The results showed that taurine incorporation by the pHyg/TauT-introduced strain was dependent on the amount of taurine added, and the amount of incorporation was equivalent to that of the parent strain. However, as shown in FIG. 13, the glutamine consumption of the pHyg/TauT-introduced strain was very significant compared to the parent strain, and was not dependent on the initial taurine concentration. Glutamine has been reported to have the effect of improving cell proliferation and survival rates of hybridomas, as well as antibody production ability, and increasing antibody production (Enzyme and Microbial Technology 17: 47-55, 1995). Therefore, it is considered that the antibody production-enhancing effect of the pHyg/TauT-introduced strain is caused by incorporation of an amino acid (e.g., glutamine) other than taurine into the taurine transporter. The glutamine concentration was calculated by converting the measured value of amino acid analysis of the culture solution on the 4 th day of culture in FIG. 12 to 1X 10⁵The value of the cell.
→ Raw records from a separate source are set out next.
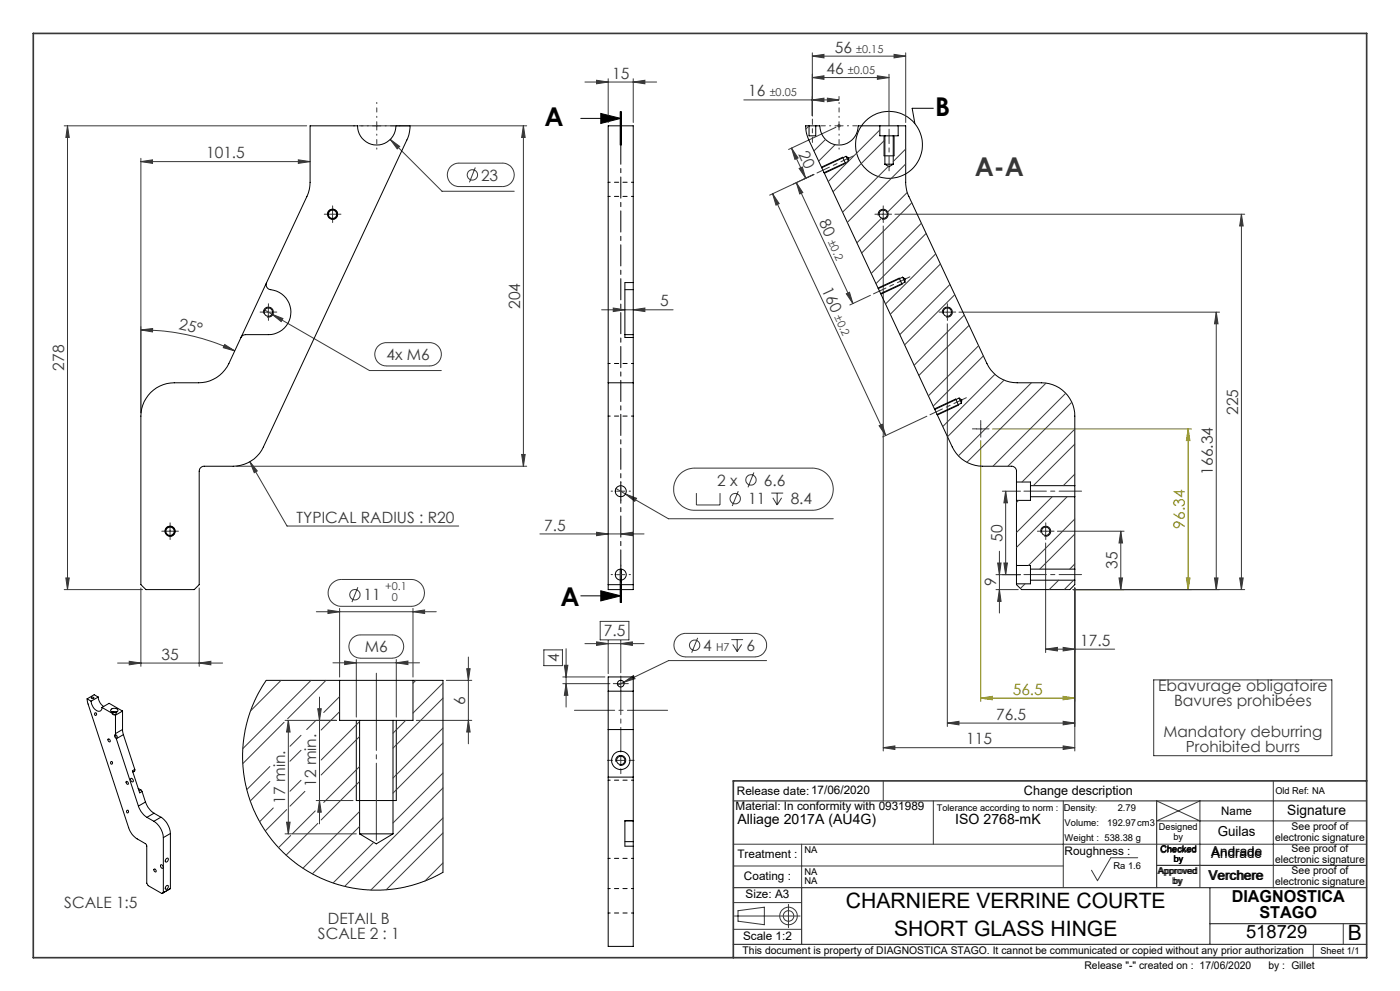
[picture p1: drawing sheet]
<svg xmlns="http://www.w3.org/2000/svg" width="420mm" height="297mm" viewBox="0 0 420 297" stroke-linecap="round" stroke-linejoin="round" font-family="sans-serif">
<g fill="none" stroke="#373737" stroke-width=".3">
<path d="M243.7 16.8l3.5-.5v1.1zM243.7 15.8v18.9M243.7 16.8h28M268.2 16.3l3.5 .5-3.5 .6zM271.7 15.8v20.9M19.3 37.7h72.7M20.2 37.7v139M20.2 37.7l.6 3.5h-1zM108.3 37.7h49.7M113 36.5v2.5M157 37.7v102M157 37.7l.6 3.5h-1.1z"/>
<path d="M175.5 24.6h21.5M179 24.1l3.5 .5-3.5 .5zM182.5 23.6v13.1M190 24.6l3.5-.5v1zM190 23.6v13.1M223.1 29.9h28.6M243.7 23.2l3.5-.5v1.1zM243.7 29.9l3.5-.5v1.1zM243.7 23.2h23M248.2 29.4l3.5 .5-3.5 .6zM250.5 37.7h2.4M250.8 38.1l-14.2 6.7"/>
<path d="M251.4 37.4l.7 .7M251.7 28.9v.8M251.7 36.5v2.5M252.1 37.4l-.7 .7M263.2 22.7l3.5 .5-3.5 .6zM266.7 22.3v15.4M42.3 48.4l3.5-.5v1.1zM42.3 47.4v76.3M42.3 48.4h50.7M89.5 47.9l3.5 .5-3.5 .6zM117.1 41.8l2.8 2.1-.7 .7zM117.1 41.8l15.5 15.5h21.7"/>
<path d="M135.3 49.8l.8-.6 1.3-.3h13.3a3.5 3.5 0 0 1 3.6 3.5 3.5 3.5 0 0 1-3.6 3.5h-13a3.5 3.5 0 0 1-3.2-2.2 3.5 3.5 0 0 1 .8-3.9zM142.6 50.2l-1.8 4.4M231.8 58.1l33.9 72.4M231.8 58.1l2 2.9-1 .5zM237.5 44.4l1.9 2.9-.9 .5zM237.5 44.4l4.2 9M238.9 54.7l1.9 3-.9 .4zM238.9 54.7l17 36.3M239.7 50.5l1-.4 1 3.3zM240.8 53.9l3.4-1.6-13.3 6.2M98.5 64.2h2.5M99.8 63v2.5"/>
<path d="M263.7 64.2h2.5M265 63v2.5M265 67.7v157.4M268.5 64.2h104.9M372.4 64.2l.6 3.5h-1.1zM372.4 64.2v112.5M42.3 98.9l3.5-.4v1zM42.3 98.9a65.4 65.4 0 0 1 28.1 6.3M79.3 93.6h2.5M79.4 92.9l2.2 1.3M80.5 92.3v2.5M81.6 94.2l3.3 1.3-.6 .9z"/>
<path d="M81.6 94.2l29.2 16.9h21.6M180.5 92.8h21.4M184 92.3l3.5 .5-3.5 .6zM190 92.8l3.5-.5v1.1zM253.9 88l.9-.4 1.1 3.4zM261.1 88.5l-6.1 2.9M283 93.6h2.5M284.2 97v120.7M284.2 92.3v2.5M287.7 93.6h78.2M364.9 93.6l.5 3.4h-1.1zM364.9 93.6v83.1"/>
<path d="M67.4 103.3l3 1.9-3.4-1zM113.3 103.9l1.1-.9 1.2-.3h13.3a3.5 3.5 0 0 1 3.5 3.5 3.5 3.5 0 0 1-3.5 3.5h-13a3.5 3.5 0 0 1-3.1-2.1 3.5 3.5 0 0 1 .5-3.7zM71 139.7h87M75 138.4l2.2 2.7-.9 .6zM75 138.4l11.1 19.3h51.5M156.5 136.2h1.1l-.6 3.5zM263.7 127.6l1-.5 1 3.4zM278.1 124.7l-13.3 6.2M292.9 128.5h2.6M294.2 127.3v2.5M49.8 159.2h2.5M51 158v2.5"/>
<path d="M179 159.5l3.5 .5-3.5 .5zM184.8 146.4l15.7 9.1h49.5M185 147.2h2.5M186.2 146v2.5M187.6 148.1l3.4 1.2-.6 .9zM203.9 142.2l1.7-1.3 2.5-.6h35.6a6.3 6.3 0 0 1 6.3 6.3 6.3 6.3 0 0 1-6.3 6.3h-35.3a6.3 6.3 0 0 1-5.8-3.8 6.3 6.3 0 0 1 1.3-6.9zM208.9 147.8v3.5h7.1v-3.5M221.5 147.2l-1.8 4.5M226.2 141.6l-1.8 4.4M231.4 147.8h3.6M231.8 149.2l1.4 2.1M233.2 147.8v3.5"/>
<path d="M234.5 149.2l-1.3 2.1M300.7 147.2h5.4M301.7 147.2v25M301.7 147.2l.5 3.5h-1zM312.5 159.2h2.5M313.7 158v2.5M317.2 159.2h20M336.2 159.2l.6 3.5h-1.1zM336.2 159.2v17.5M19.3 176.7h23.5M19.8 173.2h1l-.6 3.5zM42.3 176.2v23.5"/>
<path d="M59.8 176.2v23.5M99.4 175l1.4-1 1.4-.3h21.1a4 4 0 0 1 4.1 4 4 4 0 0 1-4.1 4h-20.8a4 4 0 0 1-3.7-2.3 4 4 0 0 1 .6-4.4zM107.4 176l-1.8 4.4M162 160h31.2M185 172.2h2.5M186.2 160l3.5-.5v1zM186.2 171v2.5M298.8 176.7h6.7M299.3 168.7h1l-.5 3.5zM299.8 176.7l.5 3.5h-1zM299.8 165.2v18.5M301.2 168.7h1l-.5 3.5z"/>
<path d="M306.1 172.2h-7.3M313.7 162.7v32.9M321.9 176.7h51.5M322.4 176.2v48.9M335.7 173.2h1.1l-.6 3.5zM364.3 173.2h1.1l-.5 3.5zM371.9 173.2h1.1l-.6 3.5zM35.3 198.7h31.5M38.8 198.2l3.5 .5-3.5 .5zM59.8 198.7l3.5-.5v1zM94.9 183.3h36M98.4 182.8l3.5 .5-3.5 .6z"/>
<path d="M99.9 198.6h26M101.9 182.3v20.6M103.4 198.1l3.5 .5-3.5 .6zM105.7 191.2l.9-.6 1.3-.3h9.7a3.5 3.5 0 0 1 3.5 3.5 3.5 3.5 0 0 1-3.5 3.5h-9.4a3.5 3.5 0 0 1-3.3-2.2 3.5 3.5 0 0 1 .8-3.9zM106.9 197.7v17.2M118.9 198.6l3.5-.5v1.1zM118.9 197.7v17.2M123.9 183.3l3.5-.5v1.1zM123.9 182.3v20.6M140.5 196.9v26M163.2 194.8h5.5v4.7h-5.5zM169.3 199.4h1.1l-.6 3.5z"/>
<path d="M169.8 194.4v17.5M175.5 192.9h17.7M179 192.4l3.5 .5-3.5 .5zM180.1 186.2h8.6v5.6h-8.6zM182.5 191.9v10M186.2 192.9l3.5-.5v1zM186.2 191.9v9.7M203.2 190.8l1.2-.7 1-.3h21.1a3.5 3.5 0 0 1 3.5 3.6 3.5 3.5 0 0 1-3.5 3.5h-20.8a3.5 3.5 0 0 1-3.3-2.2 3.5 3.5 0 0 1 .8-3.9zM209.3 191.2l-1.8 4.4M219.4 191.7h3.5M219.8 193.1l1.4 2.2M221.2 191.7v3.6"/>
<path d="M222.5 193.1l-1.3 2.2M230 198h-29.4l-13.5 6.5M313.7 194.6l3.5-.6v1.1zM313.7 194.6h20.7M318.9 194l3.5 .6-3.5 .5zM85.5 215.9h15.4M86.5 215.9l.5 3.5h-1zM86.5 215.9v34M95.3 212.4h1.1l-.6 3.5zM95.8 208.9v38M124.9 215.9h16.6M133.9 203.9h7.6"/>
<path d="M140 200.4h1l-.5 3.5zM140.5 215.9l.5 3.5h-1zM168.8 202.9h12.7M168.8 204.9h14.2M169.8 204.9l.6 3.5h-1.1zM185 204.9h2.5M186.2 203.7v2.5M187.1 204.5l2.9-2 .5 .9zM187.1 204.5l-1.8 .8M284.2 216.7l3.5-.5v1zM284.2 216.7h38.2M318.9 216.2l3.5 .5-3.5 .5z"/>
<path d="M346.1 203.8h53.5v22.7h-53.5zM94.9 239.9h11M95.8 239.9l.6 3.5h-1.1zM185 227.9h2.5M186.2 226.7v2.4M265 224.1l3.5-.5v1zM265 224.1h57.4M265 234v6M318.9 223.6l3.5 .5-3.5 .5zM382 234v32M85.5 249.9h21.4M86 246.4h1l-.5 3.5z"/>
<path d="M220 253h190M220 259.5h99M240.5 253v13M280 240v13M319 240v26M341.3 257.1h-8.1l-4 6.8-1.8-3.1M347 259.4h63M347 240l13 6M410 246h-63l13-6v26M220 278.5h20.5M220 270.5h20.5M220.3 274.5h19.7"/>
<path d="M221.4 272.9l7.9-1v5.2l-7.9-1zM236.5 271v7M403 276.8v6.2M394 283v4"/>
<circle cx="141.7" cy="52.4" r="1.55"/>
<circle cx="220.6" cy="149.4" r="1.56"/>
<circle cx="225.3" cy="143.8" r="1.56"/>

The anti-glypican (proteo) glycan-3 antibody production amount was independent of the initial taurine concentration (0 to 500mM (62.575g/L)) in the 50mL shake flask fed-batch culture (FIG. 14), and no superiority difference was observed with respect to the effect of the initial taurine concentration on the antibody production amount of the mother strain.

The above results indicate that TauT has high antibody-producing ability even when taurine is not contained in the medium at the start of culture, and that incorporation of amino acids other than taurine and the like is likely to be promoted.

The present invention is applicable to all antibody-producing cells.

All publications, patents and patent applications cited in this specification are herein incorporated by reference.

Possibility of industrial utilization

The invention is useful for the production of polypeptides.

Sequence listing

< sequence 1>

Sequence No. 1 shows the nucleotide sequence of a gene encoding a hamster taurine transporter.

< sequence 2>

Sequence No. 2 shows an amino acid sequence of a hamster taurine transporter.

< sequence 3>

Sequence No. 3 shows the base sequence of the gene encoding rat taurine transporter.

< sequence 4>

The sequence No. 4 shows the amino acid sequence of the rat taurine transporter.

< sequence 5>

Sequence No. 5 shows the base sequence of a gene encoding a mouse taurine transporter.

< sequence 6>

The sequence No. 6 shows an amino acid sequence of a mouse taurine transporter.

< sequence 7>

SEQ ID NO. 7 shows a nucleotide sequence of a gene encoding human taurine transporter.

< sequence 8>

The sequence No. 8 shows an amino acid sequence of a human taurine transporter.

Claims (5)

1. A method for producing a polypeptide, which comprises culturing a cell which highly expresses a taurine transporter and into which a DNA encoding the desired polypeptide is introduced, and producing the desired polypeptide, wherein the DNA encoding the taurine transporter is any one of the following (a) to (b):

(a) DNA encoding a polypeptide consisting of the amino acid sequence of SEQ ID NO. 2, 4, 6 or 8,

(b) a DNA comprising the base sequence of SEQ ID NO. 1, 3, 5 or 7.

2. The method according to claim 1, wherein the cell highly expressing a taurine transporter is a cell into which a DNA encoding the taurine transporter has been introduced.

3. The method of claim 2, wherein the cell is a Chinese hamster ovary cell.

4. The method of claim 3, wherein the desired polypeptide is an antibody.

5. The method according to any one of claims 1 to 4, which comprises culturing in a medium containing taurine at a concentration of 0 to 100 g/L.